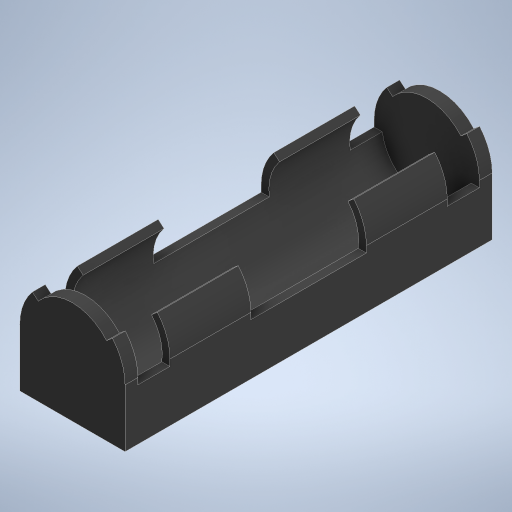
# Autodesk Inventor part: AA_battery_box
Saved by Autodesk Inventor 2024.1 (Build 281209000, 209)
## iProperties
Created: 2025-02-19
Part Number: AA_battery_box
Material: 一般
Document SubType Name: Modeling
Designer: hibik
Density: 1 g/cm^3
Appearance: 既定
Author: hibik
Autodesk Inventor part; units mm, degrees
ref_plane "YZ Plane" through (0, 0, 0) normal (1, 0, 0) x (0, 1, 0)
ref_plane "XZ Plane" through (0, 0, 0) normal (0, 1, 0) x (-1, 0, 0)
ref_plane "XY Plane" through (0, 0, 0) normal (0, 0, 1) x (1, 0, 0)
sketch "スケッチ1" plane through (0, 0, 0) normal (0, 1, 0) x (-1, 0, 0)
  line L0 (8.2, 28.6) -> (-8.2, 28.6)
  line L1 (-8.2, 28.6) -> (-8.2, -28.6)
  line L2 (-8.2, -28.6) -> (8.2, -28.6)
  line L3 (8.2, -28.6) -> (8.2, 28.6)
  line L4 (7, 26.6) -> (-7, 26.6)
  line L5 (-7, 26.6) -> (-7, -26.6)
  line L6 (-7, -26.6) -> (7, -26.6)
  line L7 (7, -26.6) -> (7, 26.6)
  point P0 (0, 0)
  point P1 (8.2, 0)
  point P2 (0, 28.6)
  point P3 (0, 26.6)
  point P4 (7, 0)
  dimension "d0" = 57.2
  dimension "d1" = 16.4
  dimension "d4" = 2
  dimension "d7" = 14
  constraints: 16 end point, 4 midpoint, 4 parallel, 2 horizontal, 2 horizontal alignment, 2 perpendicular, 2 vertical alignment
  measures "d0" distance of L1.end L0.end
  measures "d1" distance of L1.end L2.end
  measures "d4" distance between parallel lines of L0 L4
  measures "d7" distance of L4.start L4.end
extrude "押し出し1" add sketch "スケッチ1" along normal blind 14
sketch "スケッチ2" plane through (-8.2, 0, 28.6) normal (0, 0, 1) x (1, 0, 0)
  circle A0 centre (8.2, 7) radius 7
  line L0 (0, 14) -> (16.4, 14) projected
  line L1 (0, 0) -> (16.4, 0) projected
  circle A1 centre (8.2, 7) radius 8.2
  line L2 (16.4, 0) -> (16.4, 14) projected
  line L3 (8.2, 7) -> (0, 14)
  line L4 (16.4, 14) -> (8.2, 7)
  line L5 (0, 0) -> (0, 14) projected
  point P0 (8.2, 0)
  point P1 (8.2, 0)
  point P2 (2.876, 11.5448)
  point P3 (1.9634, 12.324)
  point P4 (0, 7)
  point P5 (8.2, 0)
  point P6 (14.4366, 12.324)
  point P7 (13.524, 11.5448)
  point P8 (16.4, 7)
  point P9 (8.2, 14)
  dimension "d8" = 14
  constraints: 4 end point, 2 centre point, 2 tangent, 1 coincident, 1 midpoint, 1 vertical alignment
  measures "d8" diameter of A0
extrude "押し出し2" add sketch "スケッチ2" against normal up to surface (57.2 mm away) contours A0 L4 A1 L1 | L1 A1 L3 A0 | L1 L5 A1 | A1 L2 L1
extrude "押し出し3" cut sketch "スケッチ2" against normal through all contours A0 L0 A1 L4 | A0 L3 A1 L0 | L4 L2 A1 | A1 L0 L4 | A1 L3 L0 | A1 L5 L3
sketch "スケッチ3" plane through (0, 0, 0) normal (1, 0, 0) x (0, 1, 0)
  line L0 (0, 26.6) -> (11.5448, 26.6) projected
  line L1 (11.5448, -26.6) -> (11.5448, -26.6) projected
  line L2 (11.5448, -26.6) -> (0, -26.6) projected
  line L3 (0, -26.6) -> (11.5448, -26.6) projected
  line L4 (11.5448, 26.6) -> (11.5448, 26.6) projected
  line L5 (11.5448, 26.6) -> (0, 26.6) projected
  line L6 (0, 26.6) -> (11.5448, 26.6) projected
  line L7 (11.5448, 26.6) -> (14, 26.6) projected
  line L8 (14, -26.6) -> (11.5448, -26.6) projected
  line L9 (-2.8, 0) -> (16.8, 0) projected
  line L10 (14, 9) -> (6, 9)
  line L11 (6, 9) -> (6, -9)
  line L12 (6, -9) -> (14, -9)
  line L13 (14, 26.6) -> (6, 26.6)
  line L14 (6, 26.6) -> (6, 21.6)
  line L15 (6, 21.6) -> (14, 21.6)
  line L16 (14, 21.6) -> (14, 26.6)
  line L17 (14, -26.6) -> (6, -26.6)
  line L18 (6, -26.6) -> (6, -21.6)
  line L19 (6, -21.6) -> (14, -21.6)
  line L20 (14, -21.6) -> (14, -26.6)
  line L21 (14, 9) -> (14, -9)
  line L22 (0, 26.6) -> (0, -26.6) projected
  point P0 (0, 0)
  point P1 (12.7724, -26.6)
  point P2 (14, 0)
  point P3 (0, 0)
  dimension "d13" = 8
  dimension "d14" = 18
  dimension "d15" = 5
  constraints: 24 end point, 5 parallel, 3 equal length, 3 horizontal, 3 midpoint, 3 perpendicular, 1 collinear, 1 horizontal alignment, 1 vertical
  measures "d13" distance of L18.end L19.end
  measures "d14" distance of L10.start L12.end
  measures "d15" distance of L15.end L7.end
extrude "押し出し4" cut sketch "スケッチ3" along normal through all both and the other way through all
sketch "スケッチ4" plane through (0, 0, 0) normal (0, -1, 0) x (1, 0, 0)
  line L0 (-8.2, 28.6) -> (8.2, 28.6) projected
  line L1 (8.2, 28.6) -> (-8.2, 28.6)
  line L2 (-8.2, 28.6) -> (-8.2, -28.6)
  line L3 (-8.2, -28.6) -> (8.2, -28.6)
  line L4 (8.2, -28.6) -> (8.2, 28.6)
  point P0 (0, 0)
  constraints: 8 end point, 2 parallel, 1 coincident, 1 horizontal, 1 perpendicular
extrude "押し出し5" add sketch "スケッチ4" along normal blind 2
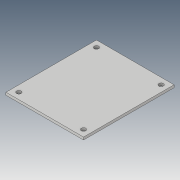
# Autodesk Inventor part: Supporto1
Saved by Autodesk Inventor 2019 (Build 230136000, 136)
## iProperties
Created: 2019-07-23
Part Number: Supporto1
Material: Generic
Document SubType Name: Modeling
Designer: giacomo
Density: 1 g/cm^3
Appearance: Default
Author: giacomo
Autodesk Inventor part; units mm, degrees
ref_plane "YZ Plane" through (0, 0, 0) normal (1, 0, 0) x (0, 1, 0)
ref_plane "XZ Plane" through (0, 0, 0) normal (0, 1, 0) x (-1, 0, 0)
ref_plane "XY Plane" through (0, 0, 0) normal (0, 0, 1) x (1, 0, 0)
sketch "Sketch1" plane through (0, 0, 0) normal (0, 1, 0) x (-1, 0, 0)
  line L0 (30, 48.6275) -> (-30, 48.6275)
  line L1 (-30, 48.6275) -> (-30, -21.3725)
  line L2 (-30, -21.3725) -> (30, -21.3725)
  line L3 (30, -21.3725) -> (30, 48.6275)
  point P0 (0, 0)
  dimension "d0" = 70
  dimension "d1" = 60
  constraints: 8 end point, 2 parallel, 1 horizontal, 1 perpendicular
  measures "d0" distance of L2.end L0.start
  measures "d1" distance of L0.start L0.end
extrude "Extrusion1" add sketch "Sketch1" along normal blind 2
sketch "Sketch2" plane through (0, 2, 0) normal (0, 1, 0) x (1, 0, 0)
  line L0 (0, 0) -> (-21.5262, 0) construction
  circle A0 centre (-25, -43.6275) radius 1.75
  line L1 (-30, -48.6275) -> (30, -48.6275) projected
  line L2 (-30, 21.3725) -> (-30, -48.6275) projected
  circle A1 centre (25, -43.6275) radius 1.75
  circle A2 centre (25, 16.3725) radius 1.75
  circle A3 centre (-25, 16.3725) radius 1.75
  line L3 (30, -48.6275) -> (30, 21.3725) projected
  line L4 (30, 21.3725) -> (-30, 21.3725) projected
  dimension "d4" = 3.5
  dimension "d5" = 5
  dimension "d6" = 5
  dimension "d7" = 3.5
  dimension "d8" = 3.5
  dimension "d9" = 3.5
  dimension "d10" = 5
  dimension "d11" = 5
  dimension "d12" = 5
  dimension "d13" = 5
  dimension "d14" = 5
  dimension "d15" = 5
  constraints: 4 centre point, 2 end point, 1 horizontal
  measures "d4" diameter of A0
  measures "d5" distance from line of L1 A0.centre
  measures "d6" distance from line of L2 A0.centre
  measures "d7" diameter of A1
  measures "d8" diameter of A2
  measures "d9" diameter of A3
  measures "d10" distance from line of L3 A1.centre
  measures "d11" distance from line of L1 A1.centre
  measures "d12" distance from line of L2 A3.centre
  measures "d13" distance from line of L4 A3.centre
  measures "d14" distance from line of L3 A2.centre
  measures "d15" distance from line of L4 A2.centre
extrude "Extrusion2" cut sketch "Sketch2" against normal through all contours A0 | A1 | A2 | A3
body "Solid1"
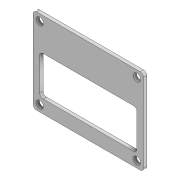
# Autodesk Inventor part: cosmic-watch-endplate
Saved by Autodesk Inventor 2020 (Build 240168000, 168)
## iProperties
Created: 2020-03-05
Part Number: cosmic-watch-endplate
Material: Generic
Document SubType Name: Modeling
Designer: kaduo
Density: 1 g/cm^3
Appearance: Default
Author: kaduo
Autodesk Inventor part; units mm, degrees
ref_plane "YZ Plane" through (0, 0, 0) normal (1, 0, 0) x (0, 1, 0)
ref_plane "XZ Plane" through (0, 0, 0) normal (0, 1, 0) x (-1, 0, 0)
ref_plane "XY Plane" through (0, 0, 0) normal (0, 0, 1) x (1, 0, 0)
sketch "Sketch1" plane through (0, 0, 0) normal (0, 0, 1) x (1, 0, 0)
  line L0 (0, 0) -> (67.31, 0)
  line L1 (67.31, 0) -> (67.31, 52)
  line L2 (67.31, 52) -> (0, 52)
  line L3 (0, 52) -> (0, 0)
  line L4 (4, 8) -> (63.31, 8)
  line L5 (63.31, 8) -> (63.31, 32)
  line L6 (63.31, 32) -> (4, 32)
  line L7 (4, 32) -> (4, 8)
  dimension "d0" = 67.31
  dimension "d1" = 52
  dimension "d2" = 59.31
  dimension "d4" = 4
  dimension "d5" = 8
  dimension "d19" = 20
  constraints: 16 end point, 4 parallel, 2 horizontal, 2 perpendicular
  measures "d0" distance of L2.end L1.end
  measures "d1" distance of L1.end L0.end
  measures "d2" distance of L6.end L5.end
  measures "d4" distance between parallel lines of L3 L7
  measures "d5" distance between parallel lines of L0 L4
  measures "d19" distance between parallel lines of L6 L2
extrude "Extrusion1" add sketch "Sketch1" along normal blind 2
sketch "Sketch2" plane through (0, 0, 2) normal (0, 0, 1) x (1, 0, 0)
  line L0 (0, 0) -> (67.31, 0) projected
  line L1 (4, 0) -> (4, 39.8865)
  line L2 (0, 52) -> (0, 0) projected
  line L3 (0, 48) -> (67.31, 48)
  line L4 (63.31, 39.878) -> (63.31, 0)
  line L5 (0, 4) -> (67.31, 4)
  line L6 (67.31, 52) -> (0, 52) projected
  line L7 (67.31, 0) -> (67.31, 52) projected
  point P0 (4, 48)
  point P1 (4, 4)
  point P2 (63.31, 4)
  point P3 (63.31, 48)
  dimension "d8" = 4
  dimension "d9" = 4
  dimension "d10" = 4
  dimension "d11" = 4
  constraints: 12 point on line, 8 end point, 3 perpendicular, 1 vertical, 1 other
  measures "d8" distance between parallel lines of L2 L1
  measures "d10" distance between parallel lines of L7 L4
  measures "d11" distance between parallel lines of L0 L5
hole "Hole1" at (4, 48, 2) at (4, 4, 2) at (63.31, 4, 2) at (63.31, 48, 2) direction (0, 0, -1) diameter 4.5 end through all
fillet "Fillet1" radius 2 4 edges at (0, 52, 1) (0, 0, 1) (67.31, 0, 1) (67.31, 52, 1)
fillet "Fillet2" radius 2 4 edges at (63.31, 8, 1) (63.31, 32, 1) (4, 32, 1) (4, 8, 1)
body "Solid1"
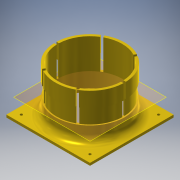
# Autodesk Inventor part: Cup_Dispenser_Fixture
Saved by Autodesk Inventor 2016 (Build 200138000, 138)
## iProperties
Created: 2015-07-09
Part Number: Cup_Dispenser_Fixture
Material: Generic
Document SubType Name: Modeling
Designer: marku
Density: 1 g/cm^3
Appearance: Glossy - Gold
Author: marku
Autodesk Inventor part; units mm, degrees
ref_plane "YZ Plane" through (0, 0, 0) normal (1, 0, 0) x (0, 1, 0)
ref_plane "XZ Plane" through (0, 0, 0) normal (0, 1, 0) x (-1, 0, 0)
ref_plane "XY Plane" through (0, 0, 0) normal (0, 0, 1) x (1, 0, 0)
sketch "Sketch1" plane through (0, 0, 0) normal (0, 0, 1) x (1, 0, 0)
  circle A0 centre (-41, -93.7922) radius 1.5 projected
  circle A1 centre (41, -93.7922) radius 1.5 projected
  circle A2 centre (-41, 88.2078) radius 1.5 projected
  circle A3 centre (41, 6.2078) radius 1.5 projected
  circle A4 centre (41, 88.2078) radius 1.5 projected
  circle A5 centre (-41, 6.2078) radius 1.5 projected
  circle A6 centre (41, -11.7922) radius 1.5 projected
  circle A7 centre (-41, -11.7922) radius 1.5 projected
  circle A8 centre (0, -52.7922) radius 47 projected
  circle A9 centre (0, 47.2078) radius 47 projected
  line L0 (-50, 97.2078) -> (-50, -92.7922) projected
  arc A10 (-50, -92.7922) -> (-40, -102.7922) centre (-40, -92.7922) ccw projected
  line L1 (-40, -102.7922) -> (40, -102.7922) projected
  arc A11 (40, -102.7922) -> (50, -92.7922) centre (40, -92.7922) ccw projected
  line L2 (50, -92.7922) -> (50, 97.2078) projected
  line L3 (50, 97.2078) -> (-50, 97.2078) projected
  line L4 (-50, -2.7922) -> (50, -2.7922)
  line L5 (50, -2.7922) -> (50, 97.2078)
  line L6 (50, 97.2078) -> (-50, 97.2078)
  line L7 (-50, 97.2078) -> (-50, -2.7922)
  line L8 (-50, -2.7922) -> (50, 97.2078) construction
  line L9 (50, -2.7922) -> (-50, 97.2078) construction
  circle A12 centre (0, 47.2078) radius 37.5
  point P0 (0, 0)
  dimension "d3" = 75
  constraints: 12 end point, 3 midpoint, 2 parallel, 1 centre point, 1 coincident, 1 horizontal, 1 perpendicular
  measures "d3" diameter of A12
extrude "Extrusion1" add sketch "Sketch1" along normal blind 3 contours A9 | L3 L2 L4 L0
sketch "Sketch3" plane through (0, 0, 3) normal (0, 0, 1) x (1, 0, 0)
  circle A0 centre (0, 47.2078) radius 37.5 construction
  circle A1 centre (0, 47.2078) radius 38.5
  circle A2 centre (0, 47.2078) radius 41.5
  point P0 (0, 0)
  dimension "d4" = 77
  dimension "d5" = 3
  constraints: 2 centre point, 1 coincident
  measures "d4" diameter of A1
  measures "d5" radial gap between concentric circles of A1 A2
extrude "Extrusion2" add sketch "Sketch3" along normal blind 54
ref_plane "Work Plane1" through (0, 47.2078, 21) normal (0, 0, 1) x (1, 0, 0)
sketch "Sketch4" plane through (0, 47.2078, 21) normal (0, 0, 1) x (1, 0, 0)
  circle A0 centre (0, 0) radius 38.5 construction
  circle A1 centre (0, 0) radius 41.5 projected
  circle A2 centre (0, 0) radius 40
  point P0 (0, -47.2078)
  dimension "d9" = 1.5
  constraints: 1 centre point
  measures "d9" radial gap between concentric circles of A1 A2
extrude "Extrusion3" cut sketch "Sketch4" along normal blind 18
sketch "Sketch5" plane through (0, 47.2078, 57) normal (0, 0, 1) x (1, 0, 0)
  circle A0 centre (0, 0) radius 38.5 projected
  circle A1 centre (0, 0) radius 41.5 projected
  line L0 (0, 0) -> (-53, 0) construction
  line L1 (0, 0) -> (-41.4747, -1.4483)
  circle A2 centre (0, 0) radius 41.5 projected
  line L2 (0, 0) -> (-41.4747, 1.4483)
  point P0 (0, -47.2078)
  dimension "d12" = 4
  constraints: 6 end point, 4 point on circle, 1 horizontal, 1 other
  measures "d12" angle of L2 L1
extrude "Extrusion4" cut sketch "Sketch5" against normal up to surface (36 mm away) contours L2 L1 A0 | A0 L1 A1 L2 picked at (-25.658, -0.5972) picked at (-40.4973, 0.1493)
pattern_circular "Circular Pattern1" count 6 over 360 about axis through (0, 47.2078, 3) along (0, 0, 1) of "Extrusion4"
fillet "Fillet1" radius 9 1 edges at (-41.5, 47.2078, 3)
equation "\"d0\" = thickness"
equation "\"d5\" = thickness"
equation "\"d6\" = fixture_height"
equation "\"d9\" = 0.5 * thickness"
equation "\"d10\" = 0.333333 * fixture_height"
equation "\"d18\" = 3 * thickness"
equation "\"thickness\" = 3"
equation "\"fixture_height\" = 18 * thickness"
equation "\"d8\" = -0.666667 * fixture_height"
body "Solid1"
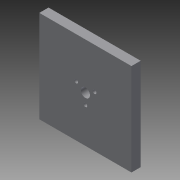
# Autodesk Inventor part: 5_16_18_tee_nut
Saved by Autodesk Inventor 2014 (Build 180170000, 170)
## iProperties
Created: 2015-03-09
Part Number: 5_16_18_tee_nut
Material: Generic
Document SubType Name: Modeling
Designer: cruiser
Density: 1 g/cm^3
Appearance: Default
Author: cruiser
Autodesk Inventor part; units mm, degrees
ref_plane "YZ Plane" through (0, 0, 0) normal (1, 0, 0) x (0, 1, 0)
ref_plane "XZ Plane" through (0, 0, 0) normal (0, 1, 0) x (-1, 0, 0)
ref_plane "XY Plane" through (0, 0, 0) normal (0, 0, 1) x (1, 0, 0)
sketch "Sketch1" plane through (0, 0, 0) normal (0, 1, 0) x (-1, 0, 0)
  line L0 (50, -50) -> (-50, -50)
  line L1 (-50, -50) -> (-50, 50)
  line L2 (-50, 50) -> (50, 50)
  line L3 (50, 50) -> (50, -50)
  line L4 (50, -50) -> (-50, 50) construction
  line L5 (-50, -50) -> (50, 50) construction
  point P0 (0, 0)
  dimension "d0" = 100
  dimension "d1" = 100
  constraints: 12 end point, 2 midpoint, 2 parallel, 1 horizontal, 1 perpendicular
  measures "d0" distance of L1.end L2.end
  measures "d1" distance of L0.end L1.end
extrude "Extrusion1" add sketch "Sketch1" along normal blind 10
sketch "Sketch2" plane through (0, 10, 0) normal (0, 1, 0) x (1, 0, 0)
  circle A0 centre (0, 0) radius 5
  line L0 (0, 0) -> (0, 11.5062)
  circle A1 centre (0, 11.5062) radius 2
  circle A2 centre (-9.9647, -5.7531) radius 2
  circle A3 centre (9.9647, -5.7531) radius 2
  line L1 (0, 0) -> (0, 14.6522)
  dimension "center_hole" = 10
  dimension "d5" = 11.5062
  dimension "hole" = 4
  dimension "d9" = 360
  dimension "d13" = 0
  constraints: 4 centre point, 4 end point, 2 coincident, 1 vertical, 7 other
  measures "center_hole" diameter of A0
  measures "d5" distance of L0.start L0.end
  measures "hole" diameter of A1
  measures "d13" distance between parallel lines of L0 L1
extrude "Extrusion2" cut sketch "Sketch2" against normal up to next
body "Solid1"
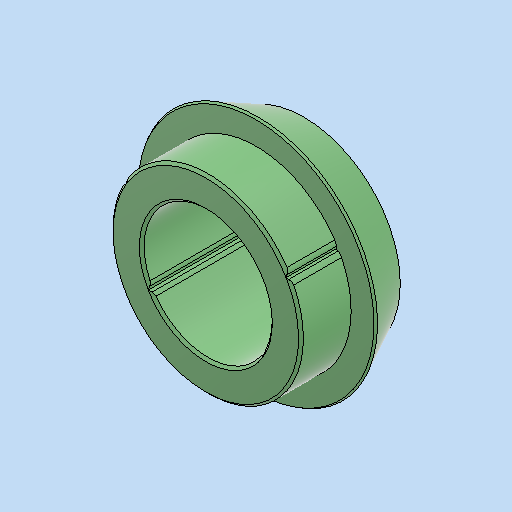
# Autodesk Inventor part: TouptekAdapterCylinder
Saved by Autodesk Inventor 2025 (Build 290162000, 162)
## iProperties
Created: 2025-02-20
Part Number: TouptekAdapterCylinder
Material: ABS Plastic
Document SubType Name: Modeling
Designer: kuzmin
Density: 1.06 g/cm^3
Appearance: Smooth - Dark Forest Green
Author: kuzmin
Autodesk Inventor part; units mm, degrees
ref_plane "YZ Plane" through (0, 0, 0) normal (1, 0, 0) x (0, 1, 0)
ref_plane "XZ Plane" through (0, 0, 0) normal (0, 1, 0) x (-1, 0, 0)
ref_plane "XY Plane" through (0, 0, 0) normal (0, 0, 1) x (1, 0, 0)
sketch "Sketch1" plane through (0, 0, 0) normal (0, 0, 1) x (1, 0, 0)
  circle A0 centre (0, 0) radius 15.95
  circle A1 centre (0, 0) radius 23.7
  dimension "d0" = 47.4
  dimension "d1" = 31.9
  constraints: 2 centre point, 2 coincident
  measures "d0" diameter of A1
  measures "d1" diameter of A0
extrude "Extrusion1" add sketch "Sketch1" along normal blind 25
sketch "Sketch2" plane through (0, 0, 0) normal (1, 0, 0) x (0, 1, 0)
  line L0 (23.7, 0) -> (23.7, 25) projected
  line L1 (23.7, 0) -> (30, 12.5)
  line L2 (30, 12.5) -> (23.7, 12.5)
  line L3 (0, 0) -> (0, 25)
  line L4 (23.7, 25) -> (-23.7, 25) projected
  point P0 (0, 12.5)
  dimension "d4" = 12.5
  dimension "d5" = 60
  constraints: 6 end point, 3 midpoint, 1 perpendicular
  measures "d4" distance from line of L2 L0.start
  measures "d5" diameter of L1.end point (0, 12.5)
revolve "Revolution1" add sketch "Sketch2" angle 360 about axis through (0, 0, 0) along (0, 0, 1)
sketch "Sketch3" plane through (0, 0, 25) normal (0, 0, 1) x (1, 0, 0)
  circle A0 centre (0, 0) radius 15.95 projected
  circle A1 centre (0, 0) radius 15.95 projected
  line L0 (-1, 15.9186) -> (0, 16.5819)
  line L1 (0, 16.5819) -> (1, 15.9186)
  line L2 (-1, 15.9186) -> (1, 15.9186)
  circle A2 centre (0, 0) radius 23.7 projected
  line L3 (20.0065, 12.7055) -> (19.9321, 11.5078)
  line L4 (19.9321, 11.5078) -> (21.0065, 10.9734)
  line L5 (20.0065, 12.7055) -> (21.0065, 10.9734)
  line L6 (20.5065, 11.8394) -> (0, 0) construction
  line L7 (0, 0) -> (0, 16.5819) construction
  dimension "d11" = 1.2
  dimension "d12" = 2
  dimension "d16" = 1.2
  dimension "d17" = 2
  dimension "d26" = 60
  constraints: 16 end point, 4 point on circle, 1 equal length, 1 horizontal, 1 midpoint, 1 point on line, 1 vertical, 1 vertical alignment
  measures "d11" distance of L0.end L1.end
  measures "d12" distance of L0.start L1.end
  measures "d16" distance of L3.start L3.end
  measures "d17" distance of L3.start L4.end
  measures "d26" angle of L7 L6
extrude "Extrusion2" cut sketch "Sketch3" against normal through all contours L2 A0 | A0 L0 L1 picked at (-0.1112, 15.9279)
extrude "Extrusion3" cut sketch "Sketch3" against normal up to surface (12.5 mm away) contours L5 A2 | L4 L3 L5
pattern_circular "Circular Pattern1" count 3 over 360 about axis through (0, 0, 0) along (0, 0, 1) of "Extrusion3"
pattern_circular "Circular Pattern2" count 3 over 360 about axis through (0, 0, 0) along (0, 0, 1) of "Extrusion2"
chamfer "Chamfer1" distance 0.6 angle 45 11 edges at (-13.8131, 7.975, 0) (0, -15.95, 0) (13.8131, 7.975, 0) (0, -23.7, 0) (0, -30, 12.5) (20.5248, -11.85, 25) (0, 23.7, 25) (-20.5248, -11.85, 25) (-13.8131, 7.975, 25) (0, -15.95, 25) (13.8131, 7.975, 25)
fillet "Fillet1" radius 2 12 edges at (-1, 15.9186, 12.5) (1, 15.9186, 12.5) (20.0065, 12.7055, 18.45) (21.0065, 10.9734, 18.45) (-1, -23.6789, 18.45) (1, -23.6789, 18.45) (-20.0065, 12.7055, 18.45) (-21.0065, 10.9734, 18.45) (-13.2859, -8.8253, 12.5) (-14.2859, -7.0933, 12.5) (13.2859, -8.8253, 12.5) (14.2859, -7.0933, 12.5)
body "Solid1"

PROBLEM:
Above, find the line holding "angle of L2 L1" and the line holding "circle A1 centre (0, 11.5062) radius 2". Print exactly those two lines and every line between them, but no pictures.

ANSWER AREA:
  measures "d12" angle of L2 L1
extrude "Extrusion4" cut sketch "Sketch5" against normal up to surface (36 mm away) contours L2 L1 A0 | A0 L1 A1 L2 picked at (-25.658, -0.5972) picked at (-40.4973, 0.1493)
pattern_circular "Circular Pattern1" count 6 over 360 about axis through (0, 47.2078, 3) along (0, 0, 1) of "Extrusion4"
fillet "Fillet1" radius 9 1 edges at (-41.5, 47.2078, 3)
equation "\"d0\" = thickness"
equation "\"d5\" = thickness"
equation "\"d6\" = fixture_height"
equation "\"d9\" = 0.5 * thickness"
equation "\"d10\" = 0.333333 * fixture_height"
equation "\"d18\" = 3 * thickness"
equation "\"thickness\" = 3"
equation "\"fixture_height\" = 18 * thickness"
equation "\"d8\" = -0.666667 * fixture_height"
body "Solid1"
# Autodesk Inventor part: 5_16_18_tee_nut
Saved by Autodesk Inventor 2014 (Build 180170000, 170)
## iProperties
Created: 2015-03-09
Part Number: 5_16_18_tee_nut
Material: Generic
Document SubType Name: Modeling
Designer: cruiser
Density: 1 g/cm^3
Appearance: Default
Author: cruiser
Autodesk Inventor part; units mm, degrees
ref_plane "YZ Plane" through (0, 0, 0) normal (1, 0, 0) x (0, 1, 0)
ref_plane "XZ Plane" through (0, 0, 0) normal (0, 1, 0) x (-1, 0, 0)
ref_plane "XY Plane" through (0, 0, 0) normal (0, 0, 1) x (1, 0, 0)
sketch "Sketch1" plane through (0, 0, 0) normal (0, 1, 0) x (-1, 0, 0)
  line L0 (50, -50) -> (-50, -50)
  line L1 (-50, -50) -> (-50, 50)
  line L2 (-50, 50) -> (50, 50)
  line L3 (50, 50) -> (50, -50)
  line L4 (50, -50) -> (-50, 50) construction
  line L5 (-50, -50) -> (50, 50) construction
  point P0 (0, 0)
  dimension "d0" = 100
  dimension "d1" = 100
  constraints: 12 end point, 2 midpoint, 2 parallel, 1 horizontal, 1 perpendicular
  measures "d0" distance of L1.end L2.end
  measures "d1" distance of L0.end L1.end
extrude "Extrusion1" add sketch "Sketch1" along normal blind 10
sketch "Sketch2" plane through (0, 10, 0) normal (0, 1, 0) x (1, 0, 0)
  circle A0 centre (0, 0) radius 5
  line L0 (0, 0) -> (0, 11.5062)
  circle A1 centre (0, 11.5062) radius 2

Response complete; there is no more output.